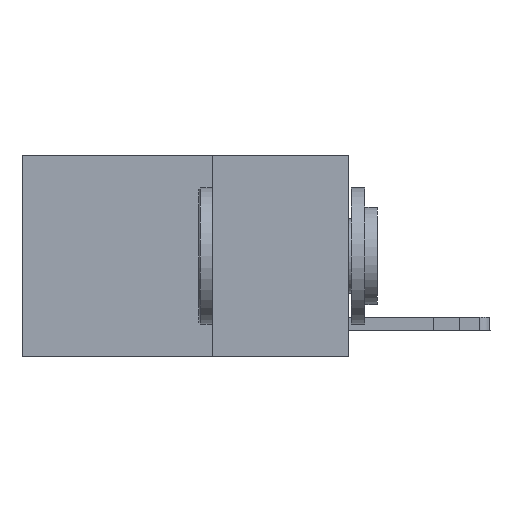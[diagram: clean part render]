
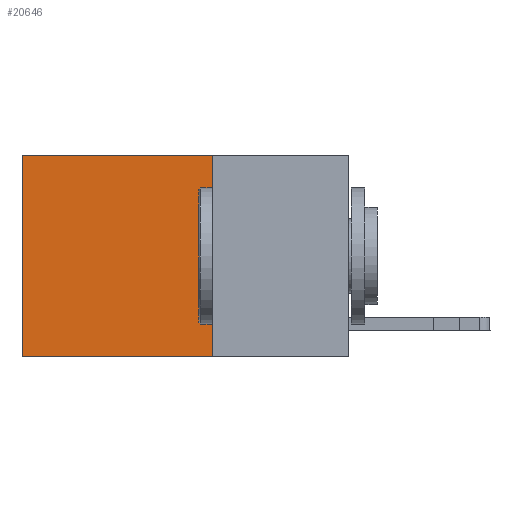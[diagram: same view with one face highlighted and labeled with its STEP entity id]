
A CAD part, left-side view. The second image highlights one B-rep face of the part: STEP entity #20646.
In plain terms, the highlighted planar face has unit normal (-1, 0, 0).
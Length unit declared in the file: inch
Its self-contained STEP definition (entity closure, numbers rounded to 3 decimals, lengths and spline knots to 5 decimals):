
#704 = DIRECTION ( 'NONE',  ( 0., 0., -1. ) ) ;
#2125 = DIRECTION ( 'NONE',  ( 1., 0., 0. ) ) ;
#4588 = VERTEX_POINT ( 'NONE', #15809 ) ;
#4759 = LINE ( 'NONE', #17947, #5298 ) ;
#5295 = ORIENTED_EDGE ( 'NONE', *, *, #5524, .F. ) ;
#5298 = VECTOR ( 'NONE', #16091, 39.37008 ) ;
#5524 = EDGE_CURVE ( 'NONE', #4588, #16122, #15545, .T. ) ;
#5680 = AXIS2_PLACEMENT_3D ( 'NONE', #6455, #2125, #14053 ) ;
#5966 = CARTESIAN_POINT ( 'NONE',  ( 0.2625, 0.6, -0.37 ) ) ;
#6455 = CARTESIAN_POINT ( 'NONE',  ( 0.2625, 0.25, 0. ) ) ;
#6612 = CARTESIAN_POINT ( 'NONE',  ( 0.2625, 0.25, -0.37 ) ) ;
#7487 = LINE ( 'NONE', #16926, #11358 ) ;
#9096 = VECTOR ( 'NONE', #704, 39.37008 ) ;
#10201 = EDGE_LOOP ( 'NONE', ( #12918, #22657, #5295, #19225 ) ) ;
#10915 = CARTESIAN_POINT ( 'NONE',  ( 0.2625, 0.6, 0. ) ) ;
#11218 = EDGE_CURVE ( 'NONE', #16122, #22170, #21703, .T. ) ;
#11358 = VECTOR ( 'NONE', #22765, 39.37008 ) ;
#11603 = PLANE ( 'NONE',  #5680 ) ;
#11952 = EDGE_CURVE ( 'NONE', #19993, #22170, #4759, .T. ) ;
#12918 = ORIENTED_EDGE ( 'NONE', *, *, #11952, .T. ) ;
#14053 = DIRECTION ( 'NONE',  ( 0., 0., -1. ) ) ;
#14209 = DIRECTION ( 'NONE',  ( 0., 1., 0. ) ) ;
#14409 = VECTOR ( 'NONE', #14209, 39.37008 ) ;
#15545 = LINE ( 'NONE', #17518, #9096 ) ;
#15809 = CARTESIAN_POINT ( 'NONE',  ( 0.2625, 0.25, 0. ) ) ;
#16091 = DIRECTION ( 'NONE',  ( 0., 0., -1. ) ) ;
#16122 = VERTEX_POINT ( 'NONE', #20822 ) ;
#16518 = EDGE_CURVE ( 'NONE', #4588, #19993, #7487, .T. ) ;
#16926 = CARTESIAN_POINT ( 'NONE',  ( 0.2625, 0.25, 0. ) ) ;
#17518 = CARTESIAN_POINT ( 'NONE',  ( 0.2625, 0.25, 0. ) ) ;
#17947 = CARTESIAN_POINT ( 'NONE',  ( 0.2625, 0.6, 0. ) ) ;
#19225 = ORIENTED_EDGE ( 'NONE', *, *, #16518, .T. ) ;
#19993 = VERTEX_POINT ( 'NONE', #10915 ) ;
#20646 = ADVANCED_FACE ( 'NONE', ( #23531 ), #11603, .F. ) ;
#20822 = CARTESIAN_POINT ( 'NONE',  ( 0.2625, 0.25, -0.37 ) ) ;
#21703 = LINE ( 'NONE', #6612, #14409 ) ;
#22170 = VERTEX_POINT ( 'NONE', #5966 ) ;
#22657 = ORIENTED_EDGE ( 'NONE', *, *, #11218, .F. ) ;
#22765 = DIRECTION ( 'NONE',  ( 0., 1., 0. ) ) ;
#23531 = FACE_OUTER_BOUND ( 'NONE', #10201, .T. ) ;

━━━━

Exercise description: Take every line in the preceding listing that contains "VECTOR" and copy it.

Exercise result:
#5298 = VECTOR ( 'NONE', #16091, 39.37008 ) ;
#9096 = VECTOR ( 'NONE', #704, 39.37008 ) ;
#11358 = VECTOR ( 'NONE', #22765, 39.37008 ) ;
#14409 = VECTOR ( 'NONE', #14209, 39.37008 ) ;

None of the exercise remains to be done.